Holdups: The other questions is how we found ourselves in this situation?  The answer is best known by those in the Serbian Government, which in the meantime kept pushing — with Dragan Tomis being the most adamant, being dubbed “Mr. Simpo” and “Coordinating Minister”— with all its might for barter arrangements for importing gas and gasoline.  While the government was losing money and time on “initiating the production program” with the objective of exporting goods to China and Russia, NBJ regularly intervened in the foreign currency exchange market by selling foreign currencies intended for import, as one central banker says, “mere pennies”.  When the Chinese and the Russians closed the taps (our goods were either lacking or too expensive, or of very low quality), the government rushed to the central bank reserve and emptied it.  For salaries, pensions and other public and private spending, the spent dinars were backed by the sale of PTT.

In the meantime the “Belgrade Bank”, as VREME learned in London, received a six month credit for purchasing energy resources from the ANZ Bank, with 10 percent interest above LIBOR (interbank interest in London), which was a very expensive deal because normal countries get credits for six percent with a term of one year.  Aware of the instability of domestic currency because of poor economic foundations, not even London is interested in crediting anyone here any longer without a minimum of 101 percent certain guarantees.

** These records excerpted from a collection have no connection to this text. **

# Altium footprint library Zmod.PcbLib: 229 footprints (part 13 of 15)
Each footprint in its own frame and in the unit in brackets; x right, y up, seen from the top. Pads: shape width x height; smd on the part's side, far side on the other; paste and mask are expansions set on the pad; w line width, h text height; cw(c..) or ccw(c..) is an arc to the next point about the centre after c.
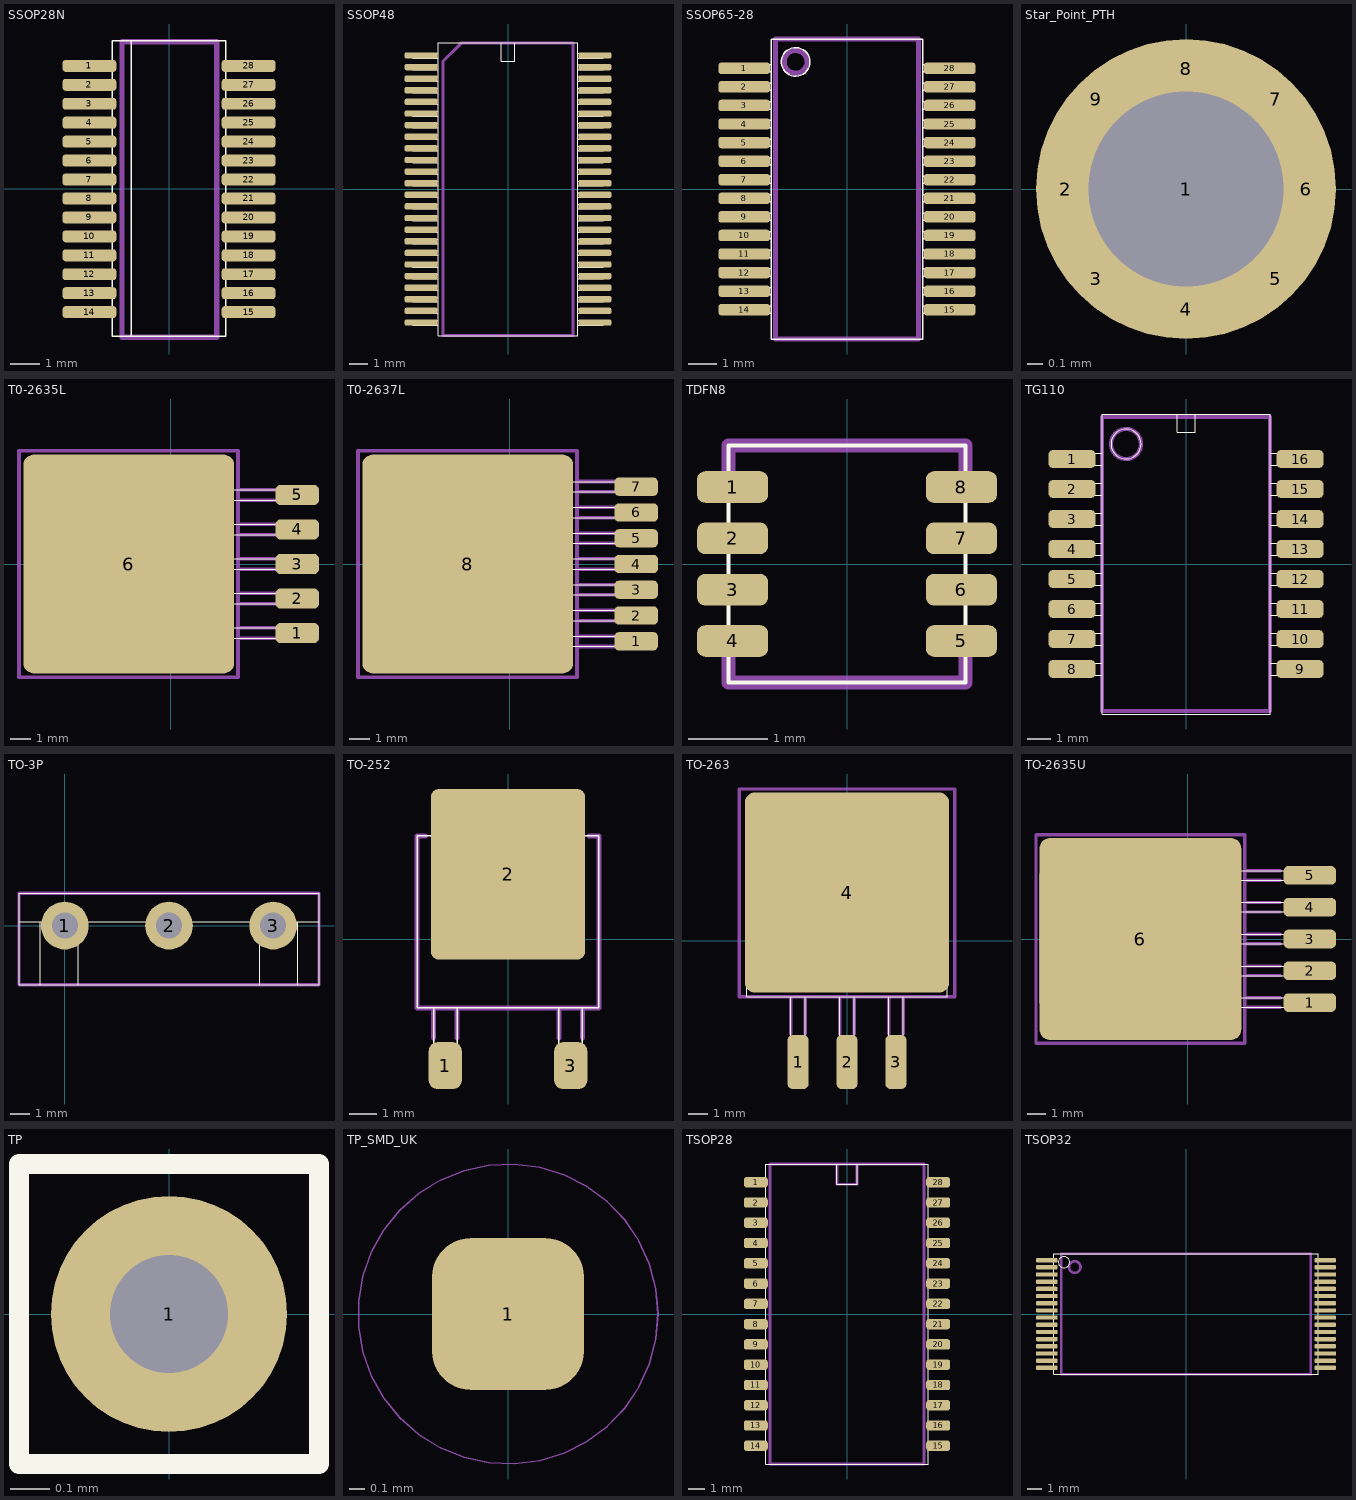
[diagram p12: the footprints below, top view; thin cyan lines are the x and y axes]

## SSOP28N [mm]
height 2.54
pads (28):
  rrect50% 1.8x0.4 smd paste+0: 1(-2.667,4.115) 2(-2.667,3.48) 3(-2.667,2.845) 4(-2.667,2.21) 5(-2.667,1.575) 6(-2.667,0.94) 7(-2.667,0.305) 8(-2.667,-0.33) 9(-2.667,-0.965) 10(-2.667,-1.6) 11(-2.667,-2.235) 12(-2.667,-2.87) 13(-2.667,-3.505) 14(-2.667,-4.14) 15(2.667,-4.14) 16(2.667,-3.505) 17(2.667,-2.87) 18(2.667,-2.235) 19(2.667,-1.6) 20(2.667,-0.965) 21(2.667,-0.33) 22(2.667,0.305) 23(2.667,0.94) 24(2.667,1.575) 25(2.667,2.21) 26(2.667,2.845) 27(2.667,3.48) 28(2.667,4.115)
Top Overlay:
  lines w0.05: -1.905,-4.267 -3.048,-4.267 -3.048,-4.013 -1.905,-4.013 ; -1.905,-3.632 -3.048,-3.632 -3.048,-3.378 -1.905,-3.378 ; -1.905,-2.997 -3.048,-2.997 -3.048,-2.743 -1.905,-2.743 ; -1.905,-2.362 -3.048,-2.362 -3.048,-2.108 -1.905,-2.108 ; -1.905,-1.727 -3.048,-1.727 -3.048,-1.473 -1.905,-1.473 ; -1.905,-1.092 -3.048,-1.092 -3.048,-0.838 -1.905,-0.838 ; -1.905,-0.457 -3.048,-0.457 -3.048,-0.203 -1.905,-0.203 ; -1.905,0.178 -3.048,0.178 -3.048,0.432 -1.905,0.432 ; -1.905,0.813 -3.048,0.813 -3.048,1.067 -1.905,1.067 ; -1.905,1.448 -3.048,1.448 -3.048,1.702 -1.905,1.702 ; -1.905,2.083 -3.048,2.083 -3.048,2.337 -1.905,2.337 ; -1.905,2.718 -3.048,2.718 -3.048,2.972 -1.905,2.972 ; -1.905,3.353 -3.048,3.353 -3.048,3.607 -1.905,3.607 ; -1.905,3.988 -3.048,3.988 -3.048,4.242 -1.905,4.242 ; -1.27,-4.953 -1.27,4.953 ; 1.905,-4.267 3.048,-4.267 3.048,-4.013 1.905,-4.013 ; 1.905,-3.632 3.048,-3.632 3.048,-3.378 1.905,-3.378 ; 1.905,-2.997 3.048,-2.997 3.048,-2.743 1.905,-2.743 ; 1.905,-2.362 3.048,-2.362 3.048,-2.108 1.905,-2.108 ; 1.905,-1.727 3.048,-1.727 3.048,-1.473 1.905,-1.473 ; 1.905,-1.092 3.048,-1.092 3.048,-0.838 1.905,-0.838 ; 1.905,-0.457 3.048,-0.457 3.048,-0.203 1.905,-0.203 ; 1.905,0.178 3.048,0.178 3.048,0.432 1.905,0.432 ; 1.905,0.813 3.048,0.813 3.048,1.067 1.905,1.067 ; 1.905,1.448 3.048,1.448 3.048,1.702 1.905,1.702 ; 1.905,2.083 3.048,2.083 3.048,2.337 1.905,2.337 ; 1.905,2.718 3.048,2.718 3.048,2.972 1.905,2.972 ; 1.905,3.353 3.048,3.353 3.048,3.607 1.905,3.607 ; 1.905,3.988 3.048,3.988 3.048,4.242 1.905,4.242 ; -1.905,-4.953 -1.905,4.953 1.905,4.953 1.905,-4.953 -1.905,-4.953
Mechanical 15:
  lines w0.18: -1.577,-4.985 1.598,-4.985 1.598,4.921 -1.577,4.921 -1.577,-4.985
  text ".Designator" at -0.381,-4.445 h1.5

## SSOP48 [mm]
height 2.54
pads (48):
  rrect50% 1.8x0.35 smd paste+0: 1(-4.75,7.315) 2(-4.75,6.68) 3(-4.75,6.045) 4(-4.75,5.41) 5(-4.75,4.775) 6(-4.75,4.14) 7(-4.75,3.505) 8(-4.75,2.87) 9(-4.75,2.235) 10(-4.75,1.6) 11(-4.75,0.965) 12(-4.75,0.33) 13(-4.75,-0.305) 14(-4.75,-0.94) 15(-4.75,-1.575) 16(-4.75,-2.21) 17(-4.75,-2.845) 18(-4.75,-3.48) 19(-4.75,-4.115) 20(-4.75,-4.75) 21(-4.75,-5.385) 22(-4.75,-6.02) 23(-4.75,-6.655) 24(-4.75,-7.29) 25(4.75,-7.29) 26(4.75,-6.655) 27(4.75,-6.02) 28(4.75,-5.385) 29(4.75,-4.75) 30(4.75,-4.115) 31(4.75,-3.48) 32(4.75,-2.845) 33(4.75,-2.21) 34(4.75,-1.575) 35(4.75,-0.94) 36(4.75,-0.305) 37(4.75,0.33) 38(4.75,0.965) 39(4.75,1.6) 40(4.75,2.235) 41(4.75,2.87) 42(4.75,3.505) 43(4.75,4.14) 44(4.75,4.775) 45(4.75,5.41) 46(4.75,6.045) 47(4.75,6.68) 48(4.75,7.315)
Top Overlay:
  drawing of 151 lines, arcs and shapes, not listed
Mechanical 15:
  lines w0.18: -3.556,-8.001 3.556,-8.001 3.556,8.001 -2.54,8.001 -3.556,6.985 -3.556,-8.001
  text ".Designator" at -1.778,-7.493 h1.5

## SSOP65-28 [mm]
height 3.048
pads (28):
  rrect50% 1.8x0.4 smd paste+0: 1(-3.6,4.225) 2(-3.6,3.575) 3(-3.6,2.925) 4(-3.6,2.275) 5(-3.6,1.625) 6(-3.6,0.975) 7(-3.6,0.325) 8(-3.6,-0.325) 9(-3.6,-0.975) 10(-3.6,-1.625) 11(-3.6,-2.275) 12(-3.6,-2.925) 13(-3.6,-3.575) 14(-3.6,-4.225) 15(3.6,-4.225) 16(3.6,-3.575) 17(3.6,-2.925) 18(3.6,-2.275) 19(3.6,-1.625) 20(3.6,-0.975) 21(3.6,-0.325) 22(3.6,0.325) 23(3.6,0.975) 24(3.6,1.625) 25(3.6,2.275) 26(3.6,2.925) 27(3.6,3.575) 28(3.6,4.225)
Top Overlay:
  circle w0.05: c-1.8,4.45 r0.5
  lines w0.05: -2.65,-4.35 -3.9,-4.35 -3.9,-4.1 -2.65,-4.1 ; -2.65,-3.7 -3.9,-3.7 -3.9,-3.45 -2.65,-3.45 ; -2.65,-3.05 -3.9,-3.05 -3.9,-2.8 -2.65,-2.8 ; -2.65,-2.4 -3.9,-2.4 -3.9,-2.15 -2.65,-2.15 ; -2.65,-1.75 -3.9,-1.75 -3.9,-1.5 -2.65,-1.5 ; -2.65,-1.1 -3.9,-1.1 -3.9,-0.85 -2.65,-0.85 ; -2.65,-0.45 -3.9,-0.45 -3.9,-0.2 -2.65,-0.2 ; -2.65,0.2 -3.9,0.2 -3.9,0.45 -2.65,0.45 ; -2.65,0.85 -3.9,0.85 -3.9,1.1 -2.65,1.1 ; -2.65,1.5 -3.9,1.5 -3.9,1.75 -2.65,1.75 ; -2.65,2.15 -3.9,2.15 -3.9,2.4 -2.65,2.4 ; -2.65,2.8 -3.9,2.8 -3.9,3.05 -2.65,3.05 ; -2.65,3.45 -3.9,3.45 -3.9,3.7 -2.65,3.7 ; -2.65,4.1 -3.9,4.1 -3.9,4.35 -2.65,4.35 ; 2.65,-4.35 3.9,-4.35 3.9,-4.1 2.65,-4.1 ; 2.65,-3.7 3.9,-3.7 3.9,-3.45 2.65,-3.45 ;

Waiting for an order to come from heaven, the government reacted in a timely fashion with gasoline price increases.  “Already in May and June, it was clear that the price of gasoline was low.  Why was it not raised then?  NBJ at that time had significant foreign currency reserves and could have intervened in the market”, stated one banker for VREME.

In any case, all experts here (even those who do not dare say it to the face of Mirko Marjanovic) believe that the stability of the dinar cannot be maintained for long.  As CESM experts stated toward the end of last year, postponing means that the reaction will not only be stronger, but also more expensive than necessary.  Bojan Dimitrijevic agrees with this when he says that the momentary stability (probably broken on Wednesday with the paying out of pensions) can only be maintained according to the principle “all hands on board”, after which, he thinks, “will follow a negative change in the exchange rate because of export deficits”.  G. Dimitrijevic thinks that it would not be advisable to undertake official devaluation, being convinced that without an extra 700-800 million dollars in foreign currency reserves, it could not happen.  And Mr. Pitic says: “An Unnecessary rise in the price of the mark discredited the potential idea of official devaluation and significantly disturbed the market, bringing a wave of price increases.  In the event that a policy of spending drops were to be instituted — with this I mean lowering public spending and sharpening financial discipline — then conditions would be created for establishing a realistic exchange rate and opening the foreign currency market.  With a realistic exchange course, NBJ foreign currency reserves would automatically increase, while a parallel exchange rate means that it is dropping.”

But, maybe only a total collapse in the exchange rate and reserves — similar to the hyper inflation in 1993 — will force the present government to behave rationally and responsibly on economic policies, instead of wasting time hunting the “foreign factor” witch, journalists and economists who say what they learned in their professions.